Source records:
···

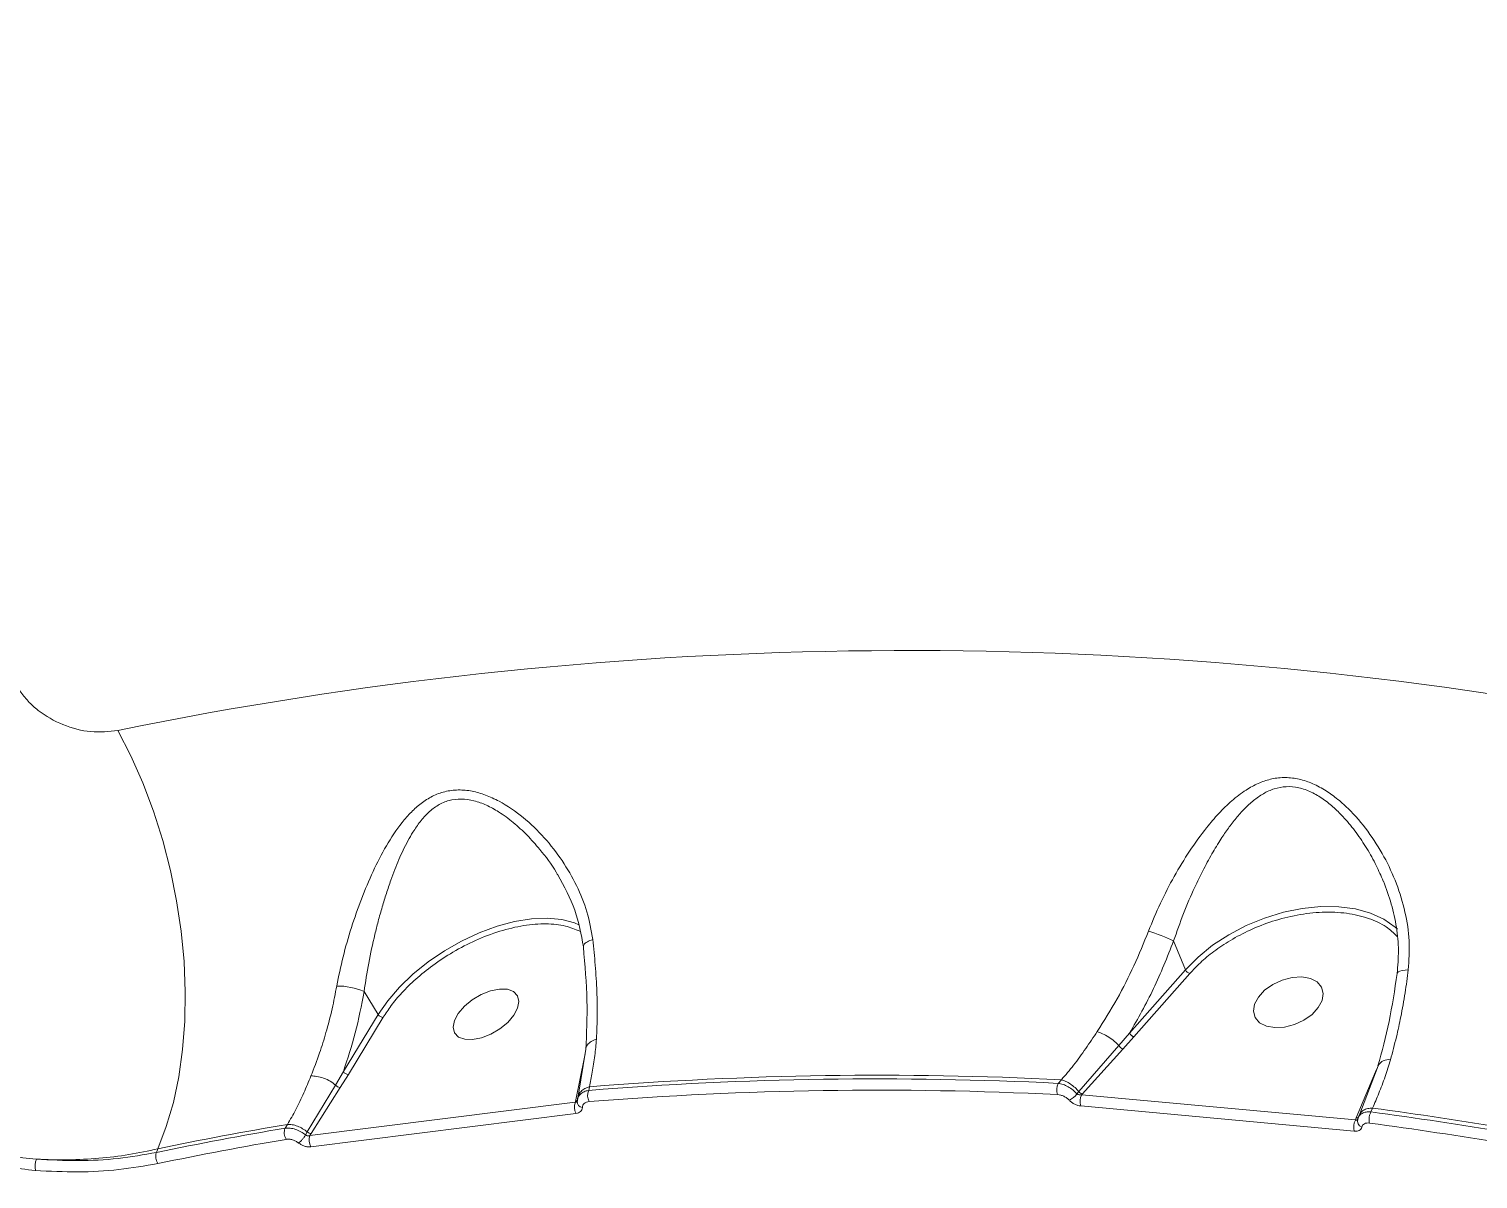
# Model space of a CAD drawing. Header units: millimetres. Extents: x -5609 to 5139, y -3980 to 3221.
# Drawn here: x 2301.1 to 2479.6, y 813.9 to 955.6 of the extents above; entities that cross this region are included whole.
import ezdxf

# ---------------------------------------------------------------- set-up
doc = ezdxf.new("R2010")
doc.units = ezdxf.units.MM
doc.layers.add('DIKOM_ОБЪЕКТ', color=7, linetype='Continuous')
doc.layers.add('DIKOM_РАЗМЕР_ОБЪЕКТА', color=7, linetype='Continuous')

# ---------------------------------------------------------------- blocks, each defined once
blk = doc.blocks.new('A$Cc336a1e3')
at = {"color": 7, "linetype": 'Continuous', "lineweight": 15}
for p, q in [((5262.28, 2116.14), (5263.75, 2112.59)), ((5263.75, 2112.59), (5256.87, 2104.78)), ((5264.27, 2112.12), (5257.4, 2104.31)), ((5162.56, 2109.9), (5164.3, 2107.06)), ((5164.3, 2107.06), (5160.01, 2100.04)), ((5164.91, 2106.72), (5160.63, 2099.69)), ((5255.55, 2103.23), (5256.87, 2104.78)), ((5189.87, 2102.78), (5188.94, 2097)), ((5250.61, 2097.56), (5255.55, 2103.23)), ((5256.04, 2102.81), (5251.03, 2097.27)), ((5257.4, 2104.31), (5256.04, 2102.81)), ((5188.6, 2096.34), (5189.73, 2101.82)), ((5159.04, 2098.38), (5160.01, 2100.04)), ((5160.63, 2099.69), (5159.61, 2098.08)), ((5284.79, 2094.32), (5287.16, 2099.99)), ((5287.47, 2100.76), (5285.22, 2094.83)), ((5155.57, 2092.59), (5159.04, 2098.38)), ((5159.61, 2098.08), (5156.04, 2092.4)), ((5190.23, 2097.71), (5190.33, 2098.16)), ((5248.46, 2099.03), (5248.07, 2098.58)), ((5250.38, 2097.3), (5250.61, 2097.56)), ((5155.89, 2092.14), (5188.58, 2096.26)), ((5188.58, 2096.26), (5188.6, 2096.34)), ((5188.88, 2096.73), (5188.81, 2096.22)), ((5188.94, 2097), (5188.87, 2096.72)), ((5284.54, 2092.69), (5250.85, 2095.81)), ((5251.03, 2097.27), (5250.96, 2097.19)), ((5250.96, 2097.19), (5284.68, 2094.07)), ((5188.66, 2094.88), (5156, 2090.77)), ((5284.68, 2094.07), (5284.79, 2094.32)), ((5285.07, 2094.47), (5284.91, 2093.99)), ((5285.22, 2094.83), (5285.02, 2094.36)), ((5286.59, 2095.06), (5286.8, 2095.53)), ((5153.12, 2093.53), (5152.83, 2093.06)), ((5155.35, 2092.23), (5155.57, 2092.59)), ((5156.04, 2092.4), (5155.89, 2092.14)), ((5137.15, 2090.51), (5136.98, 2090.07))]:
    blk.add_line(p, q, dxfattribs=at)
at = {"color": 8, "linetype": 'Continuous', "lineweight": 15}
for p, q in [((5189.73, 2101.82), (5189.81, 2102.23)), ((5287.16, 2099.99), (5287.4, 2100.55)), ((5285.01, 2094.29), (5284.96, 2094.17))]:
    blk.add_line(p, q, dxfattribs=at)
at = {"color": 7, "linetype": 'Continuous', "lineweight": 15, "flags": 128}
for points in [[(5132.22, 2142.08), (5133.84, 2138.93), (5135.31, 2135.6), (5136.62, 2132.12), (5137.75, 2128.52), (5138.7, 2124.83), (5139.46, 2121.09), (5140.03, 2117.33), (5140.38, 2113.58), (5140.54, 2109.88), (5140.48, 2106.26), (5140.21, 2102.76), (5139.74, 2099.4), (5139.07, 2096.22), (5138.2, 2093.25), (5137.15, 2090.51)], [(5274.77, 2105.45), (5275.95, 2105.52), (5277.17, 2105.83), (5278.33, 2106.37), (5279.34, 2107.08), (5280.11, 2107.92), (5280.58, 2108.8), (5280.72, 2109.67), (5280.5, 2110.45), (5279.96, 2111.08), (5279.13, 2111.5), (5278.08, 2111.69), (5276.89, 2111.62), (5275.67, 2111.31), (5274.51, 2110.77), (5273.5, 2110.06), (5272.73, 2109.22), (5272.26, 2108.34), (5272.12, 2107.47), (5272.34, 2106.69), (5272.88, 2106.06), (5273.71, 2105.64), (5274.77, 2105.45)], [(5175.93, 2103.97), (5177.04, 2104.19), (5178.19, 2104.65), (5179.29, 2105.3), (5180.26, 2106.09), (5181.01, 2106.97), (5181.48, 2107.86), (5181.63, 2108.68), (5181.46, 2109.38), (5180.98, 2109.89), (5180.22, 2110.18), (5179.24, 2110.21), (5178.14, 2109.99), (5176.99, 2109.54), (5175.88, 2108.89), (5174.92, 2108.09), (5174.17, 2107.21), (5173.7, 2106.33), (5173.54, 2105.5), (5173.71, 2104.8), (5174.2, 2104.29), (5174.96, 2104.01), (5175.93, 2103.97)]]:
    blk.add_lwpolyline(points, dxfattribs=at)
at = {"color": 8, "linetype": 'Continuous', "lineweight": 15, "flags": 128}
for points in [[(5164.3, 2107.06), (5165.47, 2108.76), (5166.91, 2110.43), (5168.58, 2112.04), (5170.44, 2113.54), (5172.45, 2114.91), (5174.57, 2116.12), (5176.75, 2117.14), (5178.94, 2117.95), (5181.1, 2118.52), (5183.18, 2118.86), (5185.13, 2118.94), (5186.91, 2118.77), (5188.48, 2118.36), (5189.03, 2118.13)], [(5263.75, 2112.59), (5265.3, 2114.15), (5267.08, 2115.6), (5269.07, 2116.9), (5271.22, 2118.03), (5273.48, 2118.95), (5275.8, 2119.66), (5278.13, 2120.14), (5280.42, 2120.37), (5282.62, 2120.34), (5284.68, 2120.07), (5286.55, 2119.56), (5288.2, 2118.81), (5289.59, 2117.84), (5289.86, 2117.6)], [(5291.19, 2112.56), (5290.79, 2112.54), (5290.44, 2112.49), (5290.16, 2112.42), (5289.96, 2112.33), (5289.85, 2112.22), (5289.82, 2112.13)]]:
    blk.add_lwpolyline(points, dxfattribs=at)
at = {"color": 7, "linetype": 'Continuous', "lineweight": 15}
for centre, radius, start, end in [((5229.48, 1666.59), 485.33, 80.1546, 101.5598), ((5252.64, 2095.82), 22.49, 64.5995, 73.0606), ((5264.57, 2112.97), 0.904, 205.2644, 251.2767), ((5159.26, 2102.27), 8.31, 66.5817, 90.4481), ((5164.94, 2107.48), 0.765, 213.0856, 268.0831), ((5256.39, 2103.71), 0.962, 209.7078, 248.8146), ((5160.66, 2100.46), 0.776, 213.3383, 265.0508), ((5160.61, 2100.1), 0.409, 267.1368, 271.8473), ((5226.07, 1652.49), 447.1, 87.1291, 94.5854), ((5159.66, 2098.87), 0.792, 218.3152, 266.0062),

···

**DIRECTIONS:**
Report every line of the entries that carries the word "linetype".

**EXERCISE RESULT:**
doc.layers.add('DIKOM_ОБЪЕКТ', color=7, linetype='Continuous')
doc.layers.add('DIKOM_РАЗМЕР_ОБЪЕКТА', color=7, linetype='Continuous')
at = {"color": 7, "linetype": 'Continuous', "lineweight": 15}
at = {"color": 8, "linetype": 'Continuous', "lineweight": 15}
at = {"color": 7, "linetype": 'Continuous', "lineweight": 15, "flags": 128}
at = {"color": 8, "linetype": 'Continuous', "lineweight": 15, "flags": 128}
at = {"color": 7, "linetype": 'Continuous', "lineweight": 15}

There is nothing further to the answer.